(LISTED RECORDS Opens)
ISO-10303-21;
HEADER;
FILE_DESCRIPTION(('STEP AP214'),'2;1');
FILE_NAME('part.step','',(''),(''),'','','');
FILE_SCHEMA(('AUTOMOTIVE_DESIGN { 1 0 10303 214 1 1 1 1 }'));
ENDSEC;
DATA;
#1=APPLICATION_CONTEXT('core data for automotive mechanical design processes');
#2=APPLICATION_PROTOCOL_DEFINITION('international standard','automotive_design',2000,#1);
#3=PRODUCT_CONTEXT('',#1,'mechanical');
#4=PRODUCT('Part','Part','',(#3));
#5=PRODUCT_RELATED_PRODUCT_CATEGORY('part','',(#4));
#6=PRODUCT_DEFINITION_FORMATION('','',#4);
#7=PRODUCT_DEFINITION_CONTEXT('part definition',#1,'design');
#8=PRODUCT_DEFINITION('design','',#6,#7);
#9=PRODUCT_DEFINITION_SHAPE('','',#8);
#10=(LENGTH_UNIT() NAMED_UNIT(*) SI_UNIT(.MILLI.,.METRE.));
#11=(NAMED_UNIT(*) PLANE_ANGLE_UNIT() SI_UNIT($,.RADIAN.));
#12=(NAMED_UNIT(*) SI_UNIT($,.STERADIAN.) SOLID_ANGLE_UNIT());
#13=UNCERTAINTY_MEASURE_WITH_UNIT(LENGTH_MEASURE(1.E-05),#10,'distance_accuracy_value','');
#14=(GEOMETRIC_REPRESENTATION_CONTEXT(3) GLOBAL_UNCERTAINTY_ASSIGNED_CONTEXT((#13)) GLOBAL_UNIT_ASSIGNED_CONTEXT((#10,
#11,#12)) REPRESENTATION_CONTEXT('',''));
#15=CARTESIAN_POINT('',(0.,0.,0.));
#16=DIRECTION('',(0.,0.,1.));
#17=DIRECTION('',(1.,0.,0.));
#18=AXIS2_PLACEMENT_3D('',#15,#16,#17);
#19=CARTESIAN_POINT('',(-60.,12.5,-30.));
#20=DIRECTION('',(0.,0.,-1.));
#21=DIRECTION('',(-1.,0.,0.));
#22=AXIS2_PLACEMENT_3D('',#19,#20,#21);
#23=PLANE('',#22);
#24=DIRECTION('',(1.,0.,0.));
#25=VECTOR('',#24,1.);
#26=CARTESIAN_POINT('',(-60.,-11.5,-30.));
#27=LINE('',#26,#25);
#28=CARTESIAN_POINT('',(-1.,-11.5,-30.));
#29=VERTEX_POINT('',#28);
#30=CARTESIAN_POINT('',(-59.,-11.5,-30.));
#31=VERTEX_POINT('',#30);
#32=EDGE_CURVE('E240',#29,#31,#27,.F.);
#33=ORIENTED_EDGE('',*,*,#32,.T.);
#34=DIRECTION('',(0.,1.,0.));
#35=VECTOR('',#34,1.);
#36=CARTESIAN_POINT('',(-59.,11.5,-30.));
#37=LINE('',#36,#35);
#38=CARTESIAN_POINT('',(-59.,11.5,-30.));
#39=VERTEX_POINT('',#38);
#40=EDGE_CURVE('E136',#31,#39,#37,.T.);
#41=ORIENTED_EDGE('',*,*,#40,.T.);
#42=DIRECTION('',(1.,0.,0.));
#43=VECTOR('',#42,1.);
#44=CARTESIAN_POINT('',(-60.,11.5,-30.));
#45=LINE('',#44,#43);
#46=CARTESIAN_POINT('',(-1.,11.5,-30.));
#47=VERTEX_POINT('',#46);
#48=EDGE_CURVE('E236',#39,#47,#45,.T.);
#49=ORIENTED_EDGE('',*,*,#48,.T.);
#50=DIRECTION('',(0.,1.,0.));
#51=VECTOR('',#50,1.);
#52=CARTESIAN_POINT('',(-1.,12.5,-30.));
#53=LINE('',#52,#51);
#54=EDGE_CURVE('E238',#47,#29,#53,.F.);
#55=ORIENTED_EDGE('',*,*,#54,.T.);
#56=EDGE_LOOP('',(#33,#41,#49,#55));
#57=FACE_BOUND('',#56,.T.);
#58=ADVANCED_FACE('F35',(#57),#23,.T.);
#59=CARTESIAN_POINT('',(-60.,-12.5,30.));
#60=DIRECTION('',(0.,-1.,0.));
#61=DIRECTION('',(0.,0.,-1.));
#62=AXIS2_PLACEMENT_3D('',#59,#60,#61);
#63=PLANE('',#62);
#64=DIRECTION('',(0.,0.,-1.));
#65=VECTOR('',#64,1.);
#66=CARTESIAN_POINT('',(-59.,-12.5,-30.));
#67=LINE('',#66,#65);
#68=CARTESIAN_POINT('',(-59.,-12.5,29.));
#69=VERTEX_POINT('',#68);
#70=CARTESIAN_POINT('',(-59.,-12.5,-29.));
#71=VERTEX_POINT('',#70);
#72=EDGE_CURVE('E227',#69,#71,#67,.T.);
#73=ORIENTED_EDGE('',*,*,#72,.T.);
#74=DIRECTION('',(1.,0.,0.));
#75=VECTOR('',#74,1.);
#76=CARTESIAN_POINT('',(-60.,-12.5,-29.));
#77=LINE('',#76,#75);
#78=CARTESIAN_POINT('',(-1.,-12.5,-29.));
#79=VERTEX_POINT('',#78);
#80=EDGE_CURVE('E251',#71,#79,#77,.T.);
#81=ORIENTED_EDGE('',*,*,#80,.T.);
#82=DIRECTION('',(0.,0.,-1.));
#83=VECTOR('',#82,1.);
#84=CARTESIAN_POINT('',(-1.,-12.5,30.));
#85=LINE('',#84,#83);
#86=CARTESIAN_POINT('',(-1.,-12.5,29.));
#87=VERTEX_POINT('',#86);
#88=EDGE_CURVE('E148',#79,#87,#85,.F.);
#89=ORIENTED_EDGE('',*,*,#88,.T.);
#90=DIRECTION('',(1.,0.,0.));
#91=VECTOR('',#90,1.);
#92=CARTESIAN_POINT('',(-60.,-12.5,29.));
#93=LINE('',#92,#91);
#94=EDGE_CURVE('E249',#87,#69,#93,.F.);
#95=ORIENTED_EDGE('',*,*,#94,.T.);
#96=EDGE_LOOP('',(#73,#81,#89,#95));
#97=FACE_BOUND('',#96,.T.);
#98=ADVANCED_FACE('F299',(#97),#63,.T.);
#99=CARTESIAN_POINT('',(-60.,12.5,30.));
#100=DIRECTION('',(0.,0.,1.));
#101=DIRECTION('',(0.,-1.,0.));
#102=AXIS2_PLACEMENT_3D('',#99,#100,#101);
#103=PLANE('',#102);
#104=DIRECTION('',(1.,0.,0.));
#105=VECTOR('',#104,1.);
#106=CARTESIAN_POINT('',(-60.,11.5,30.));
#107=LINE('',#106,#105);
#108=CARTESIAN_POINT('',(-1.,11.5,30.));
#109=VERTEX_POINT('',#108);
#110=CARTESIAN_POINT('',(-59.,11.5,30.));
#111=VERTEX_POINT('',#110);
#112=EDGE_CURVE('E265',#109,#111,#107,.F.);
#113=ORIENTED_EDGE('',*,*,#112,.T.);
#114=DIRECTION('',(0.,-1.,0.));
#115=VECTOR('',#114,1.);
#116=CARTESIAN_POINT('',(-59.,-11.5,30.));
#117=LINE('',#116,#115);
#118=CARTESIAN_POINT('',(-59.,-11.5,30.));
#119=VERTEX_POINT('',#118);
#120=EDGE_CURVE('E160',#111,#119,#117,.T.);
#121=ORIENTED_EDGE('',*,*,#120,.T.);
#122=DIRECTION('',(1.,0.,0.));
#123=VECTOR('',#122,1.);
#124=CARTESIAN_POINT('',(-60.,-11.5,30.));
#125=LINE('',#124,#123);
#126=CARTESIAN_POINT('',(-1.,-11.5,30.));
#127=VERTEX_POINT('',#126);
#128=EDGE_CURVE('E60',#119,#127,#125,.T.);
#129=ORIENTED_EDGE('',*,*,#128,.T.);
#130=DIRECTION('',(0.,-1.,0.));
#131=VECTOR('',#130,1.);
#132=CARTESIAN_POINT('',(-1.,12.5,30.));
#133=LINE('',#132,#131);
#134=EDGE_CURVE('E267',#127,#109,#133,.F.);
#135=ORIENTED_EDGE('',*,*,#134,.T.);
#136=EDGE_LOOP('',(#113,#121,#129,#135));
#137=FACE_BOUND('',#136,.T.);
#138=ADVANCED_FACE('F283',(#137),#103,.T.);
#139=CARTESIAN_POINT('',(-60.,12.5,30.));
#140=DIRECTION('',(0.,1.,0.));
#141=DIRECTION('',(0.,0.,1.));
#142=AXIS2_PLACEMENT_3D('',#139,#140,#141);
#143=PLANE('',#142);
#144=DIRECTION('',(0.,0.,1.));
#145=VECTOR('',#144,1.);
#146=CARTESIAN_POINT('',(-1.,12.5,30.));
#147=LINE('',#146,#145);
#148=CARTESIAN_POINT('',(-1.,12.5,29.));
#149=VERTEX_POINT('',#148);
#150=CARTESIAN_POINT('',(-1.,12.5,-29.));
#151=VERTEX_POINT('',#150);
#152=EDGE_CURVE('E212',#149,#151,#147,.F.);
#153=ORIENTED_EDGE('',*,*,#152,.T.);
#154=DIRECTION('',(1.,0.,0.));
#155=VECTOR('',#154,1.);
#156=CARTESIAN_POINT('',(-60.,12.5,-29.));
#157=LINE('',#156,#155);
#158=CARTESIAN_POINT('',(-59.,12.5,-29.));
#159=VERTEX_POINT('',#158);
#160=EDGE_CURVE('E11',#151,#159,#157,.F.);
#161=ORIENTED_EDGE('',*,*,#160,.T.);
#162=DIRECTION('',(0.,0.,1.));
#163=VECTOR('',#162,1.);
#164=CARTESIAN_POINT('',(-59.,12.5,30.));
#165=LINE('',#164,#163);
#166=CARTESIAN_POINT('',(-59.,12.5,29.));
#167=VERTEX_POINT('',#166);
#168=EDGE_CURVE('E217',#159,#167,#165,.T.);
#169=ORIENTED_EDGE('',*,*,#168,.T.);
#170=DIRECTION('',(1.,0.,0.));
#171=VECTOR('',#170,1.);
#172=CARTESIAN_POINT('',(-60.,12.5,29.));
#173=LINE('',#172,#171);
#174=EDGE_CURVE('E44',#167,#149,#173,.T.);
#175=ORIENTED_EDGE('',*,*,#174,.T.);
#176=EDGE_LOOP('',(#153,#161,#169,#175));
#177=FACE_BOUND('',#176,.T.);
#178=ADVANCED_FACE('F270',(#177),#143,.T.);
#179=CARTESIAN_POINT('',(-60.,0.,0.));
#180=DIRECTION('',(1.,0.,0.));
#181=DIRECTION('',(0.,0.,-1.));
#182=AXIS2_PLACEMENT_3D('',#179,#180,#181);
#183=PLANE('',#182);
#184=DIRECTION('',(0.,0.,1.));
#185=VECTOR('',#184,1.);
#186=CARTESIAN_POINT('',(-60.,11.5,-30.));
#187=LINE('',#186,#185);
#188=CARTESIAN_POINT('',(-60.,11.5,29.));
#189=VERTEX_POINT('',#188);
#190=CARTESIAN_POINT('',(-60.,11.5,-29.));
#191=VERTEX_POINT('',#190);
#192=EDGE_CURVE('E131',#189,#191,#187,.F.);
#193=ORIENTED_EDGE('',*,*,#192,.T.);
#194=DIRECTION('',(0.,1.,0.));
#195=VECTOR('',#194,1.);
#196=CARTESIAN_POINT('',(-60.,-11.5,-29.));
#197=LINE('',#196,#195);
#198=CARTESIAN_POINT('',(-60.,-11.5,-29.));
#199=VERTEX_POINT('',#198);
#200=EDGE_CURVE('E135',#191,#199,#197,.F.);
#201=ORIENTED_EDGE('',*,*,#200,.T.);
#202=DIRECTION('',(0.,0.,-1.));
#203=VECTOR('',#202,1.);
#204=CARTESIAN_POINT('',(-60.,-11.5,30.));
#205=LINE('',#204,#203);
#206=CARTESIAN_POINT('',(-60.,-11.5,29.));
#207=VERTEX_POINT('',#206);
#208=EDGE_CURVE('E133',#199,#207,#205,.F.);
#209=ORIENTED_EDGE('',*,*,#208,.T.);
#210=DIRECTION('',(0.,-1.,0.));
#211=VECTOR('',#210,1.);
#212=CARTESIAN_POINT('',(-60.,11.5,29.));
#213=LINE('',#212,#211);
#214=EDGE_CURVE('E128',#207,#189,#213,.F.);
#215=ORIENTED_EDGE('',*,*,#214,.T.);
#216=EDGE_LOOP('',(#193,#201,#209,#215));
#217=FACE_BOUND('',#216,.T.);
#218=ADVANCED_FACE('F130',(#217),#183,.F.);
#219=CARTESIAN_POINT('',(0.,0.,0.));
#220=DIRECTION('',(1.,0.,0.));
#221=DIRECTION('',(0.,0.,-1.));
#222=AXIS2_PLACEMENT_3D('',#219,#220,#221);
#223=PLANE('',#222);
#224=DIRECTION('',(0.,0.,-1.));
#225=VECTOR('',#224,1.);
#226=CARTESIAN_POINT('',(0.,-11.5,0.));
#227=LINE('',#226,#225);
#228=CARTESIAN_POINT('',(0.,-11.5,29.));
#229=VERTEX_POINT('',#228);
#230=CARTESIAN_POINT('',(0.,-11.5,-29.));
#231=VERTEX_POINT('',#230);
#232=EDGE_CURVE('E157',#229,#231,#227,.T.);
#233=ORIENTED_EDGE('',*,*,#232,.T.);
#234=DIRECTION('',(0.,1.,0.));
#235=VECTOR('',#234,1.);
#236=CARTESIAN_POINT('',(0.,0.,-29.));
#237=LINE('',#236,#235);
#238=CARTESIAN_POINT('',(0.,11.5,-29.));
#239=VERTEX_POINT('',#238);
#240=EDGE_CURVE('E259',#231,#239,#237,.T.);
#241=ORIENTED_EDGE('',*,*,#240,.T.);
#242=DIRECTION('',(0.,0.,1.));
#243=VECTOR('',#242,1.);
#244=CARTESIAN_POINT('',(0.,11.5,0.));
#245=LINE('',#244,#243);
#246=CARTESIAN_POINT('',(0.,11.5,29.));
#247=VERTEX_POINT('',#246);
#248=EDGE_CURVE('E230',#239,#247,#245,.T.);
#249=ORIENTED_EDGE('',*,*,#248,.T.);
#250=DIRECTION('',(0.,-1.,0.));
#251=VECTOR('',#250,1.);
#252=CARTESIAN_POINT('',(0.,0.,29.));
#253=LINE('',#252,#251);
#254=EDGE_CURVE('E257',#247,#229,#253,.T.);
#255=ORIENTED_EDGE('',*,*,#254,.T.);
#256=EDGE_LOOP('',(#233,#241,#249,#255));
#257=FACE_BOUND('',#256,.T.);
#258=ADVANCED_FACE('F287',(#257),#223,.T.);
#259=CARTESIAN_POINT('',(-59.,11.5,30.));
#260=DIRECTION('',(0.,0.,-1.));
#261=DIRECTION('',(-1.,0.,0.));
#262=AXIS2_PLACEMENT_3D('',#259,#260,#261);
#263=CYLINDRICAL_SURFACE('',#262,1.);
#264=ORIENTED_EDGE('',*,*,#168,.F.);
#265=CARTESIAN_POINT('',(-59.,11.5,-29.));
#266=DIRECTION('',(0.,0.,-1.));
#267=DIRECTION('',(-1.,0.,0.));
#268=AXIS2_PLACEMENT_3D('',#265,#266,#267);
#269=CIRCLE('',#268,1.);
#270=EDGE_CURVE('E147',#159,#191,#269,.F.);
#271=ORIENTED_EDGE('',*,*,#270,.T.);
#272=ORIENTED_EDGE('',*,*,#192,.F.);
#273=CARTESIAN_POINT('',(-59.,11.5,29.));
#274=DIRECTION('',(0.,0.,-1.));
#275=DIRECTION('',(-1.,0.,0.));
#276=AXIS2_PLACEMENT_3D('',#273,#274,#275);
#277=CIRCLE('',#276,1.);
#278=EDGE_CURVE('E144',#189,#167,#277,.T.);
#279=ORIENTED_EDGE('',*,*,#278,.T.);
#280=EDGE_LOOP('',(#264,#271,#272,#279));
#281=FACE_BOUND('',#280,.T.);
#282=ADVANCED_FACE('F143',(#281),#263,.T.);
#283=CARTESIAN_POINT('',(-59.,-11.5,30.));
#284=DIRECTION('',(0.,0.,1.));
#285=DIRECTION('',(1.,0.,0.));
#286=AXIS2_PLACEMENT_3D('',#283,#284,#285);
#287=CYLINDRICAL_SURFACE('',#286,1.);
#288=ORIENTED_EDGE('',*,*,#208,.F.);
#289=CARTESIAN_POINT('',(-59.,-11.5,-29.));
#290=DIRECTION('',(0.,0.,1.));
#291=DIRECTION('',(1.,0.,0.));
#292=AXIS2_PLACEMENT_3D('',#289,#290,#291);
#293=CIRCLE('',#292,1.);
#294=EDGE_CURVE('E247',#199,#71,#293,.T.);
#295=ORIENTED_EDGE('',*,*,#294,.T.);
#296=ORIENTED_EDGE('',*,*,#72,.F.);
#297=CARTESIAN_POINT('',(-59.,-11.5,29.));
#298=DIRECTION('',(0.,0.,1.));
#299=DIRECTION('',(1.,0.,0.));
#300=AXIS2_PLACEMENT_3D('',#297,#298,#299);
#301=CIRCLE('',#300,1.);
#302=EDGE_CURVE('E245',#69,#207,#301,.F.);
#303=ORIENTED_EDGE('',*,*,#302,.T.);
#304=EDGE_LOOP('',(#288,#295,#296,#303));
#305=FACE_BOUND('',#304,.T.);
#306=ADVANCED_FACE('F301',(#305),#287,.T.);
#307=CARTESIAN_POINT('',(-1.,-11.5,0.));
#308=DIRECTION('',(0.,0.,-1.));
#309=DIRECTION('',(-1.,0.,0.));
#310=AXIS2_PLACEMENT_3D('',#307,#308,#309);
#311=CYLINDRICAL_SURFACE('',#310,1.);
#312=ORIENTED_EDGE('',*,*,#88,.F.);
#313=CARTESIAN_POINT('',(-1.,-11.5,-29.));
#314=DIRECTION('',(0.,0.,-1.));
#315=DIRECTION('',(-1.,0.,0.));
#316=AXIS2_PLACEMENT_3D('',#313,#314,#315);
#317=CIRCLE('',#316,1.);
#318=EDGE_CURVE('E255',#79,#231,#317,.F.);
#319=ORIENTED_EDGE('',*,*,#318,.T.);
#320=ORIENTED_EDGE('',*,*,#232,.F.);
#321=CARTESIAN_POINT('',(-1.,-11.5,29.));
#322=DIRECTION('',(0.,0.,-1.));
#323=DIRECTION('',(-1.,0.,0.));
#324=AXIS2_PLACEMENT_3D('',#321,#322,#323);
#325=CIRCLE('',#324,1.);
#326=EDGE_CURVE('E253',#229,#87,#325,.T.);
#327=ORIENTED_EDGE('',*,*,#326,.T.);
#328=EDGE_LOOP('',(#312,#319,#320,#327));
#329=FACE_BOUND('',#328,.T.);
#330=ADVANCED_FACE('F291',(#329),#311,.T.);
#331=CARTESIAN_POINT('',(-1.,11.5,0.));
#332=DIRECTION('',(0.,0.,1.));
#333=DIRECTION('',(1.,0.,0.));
(LISTED RECORDS Closes)
*EXERCISE DETAILS:* Only one stretch of the data above is needed. Restate it word for word, from the line containing "#181=DIRECTION('',(0.,0.,-1.));" through the line containing "#233=ORIENTED_EDGE('',*,*,#232,.T.);", both ends included.

*SOLUTION:*
#181=DIRECTION('',(0.,0.,-1.));
#182=AXIS2_PLACEMENT_3D('',#179,#180,#181);
#183=PLANE('',#182);
#184=DIRECTION('',(0.,0.,1.));
#185=VECTOR('',#184,1.);
#186=CARTESIAN_POINT('',(-60.,11.5,-30.));
#187=LINE('',#186,#185);
#188=CARTESIAN_POINT('',(-60.,11.5,29.));
#189=VERTEX_POINT('',#188);
#190=CARTESIAN_POINT('',(-60.,11.5,-29.));
#191=VERTEX_POINT('',#190);
#192=EDGE_CURVE('E131',#189,#191,#187,.F.);
#193=ORIENTED_EDGE('',*,*,#192,.T.);
#194=DIRECTION('',(0.,1.,0.));
#195=VECTOR('',#194,1.);
#196=CARTESIAN_POINT('',(-60.,-11.5,-29.));
#197=LINE('',#196,#195);
#198=CARTESIAN_POINT('',(-60.,-11.5,-29.));
#199=VERTEX_POINT('',#198);
#200=EDGE_CURVE('E135',#191,#199,#197,.F.);
#201=ORIENTED_EDGE('',*,*,#200,.T.);
#202=DIRECTION('',(0.,0.,-1.));
#203=VECTOR('',#202,1.);
#204=CARTESIAN_POINT('',(-60.,-11.5,30.));
#205=LINE('',#204,#203);
#206=CARTESIAN_POINT('',(-60.,-11.5,29.));
#207=VERTEX_POINT('',#206);
#208=EDGE_CURVE('E133',#199,#207,#205,.F.);
#209=ORIENTED_EDGE('',*,*,#208,.T.);
#210=DIRECTION('',(0.,-1.,0.));
#211=VECTOR('',#210,1.);
#212=CARTESIAN_POINT('',(-60.,11.5,29.));
#213=LINE('',#212,#211);
#214=EDGE_CURVE('E128',#207,#189,#213,.F.);
#215=ORIENTED_EDGE('',*,*,#214,.T.);
#216=EDGE_LOOP('',(#193,#201,#209,#215));
#217=FACE_BOUND('',#216,.T.);
#218=ADVANCED_FACE('F130',(#217),#183,.F.);
#219=CARTESIAN_POINT('',(0.,0.,0.));
#220=DIRECTION('',(1.,0.,0.));
#221=DIRECTION('',(0.,0.,-1.));
#222=AXIS2_PLACEMENT_3D('',#219,#220,#221);
#223=PLANE('',#222);
#224=DIRECTION('',(0.,0.,-1.));
#225=VECTOR('',#224,1.);
#226=CARTESIAN_POINT('',(0.,-11.5,0.));
#227=LINE('',#226,#225);
#228=CARTESIAN_POINT('',(0.,-11.5,29.));
#229=VERTEX_POINT('',#228);
#230=CARTESIAN_POINT('',(0.,-11.5,-29.));
#231=VERTEX_POINT('',#230);
#232=EDGE_CURVE('E157',#229,#231,#227,.T.);
#233=ORIENTED_EDGE('',*,*,#232,.T.);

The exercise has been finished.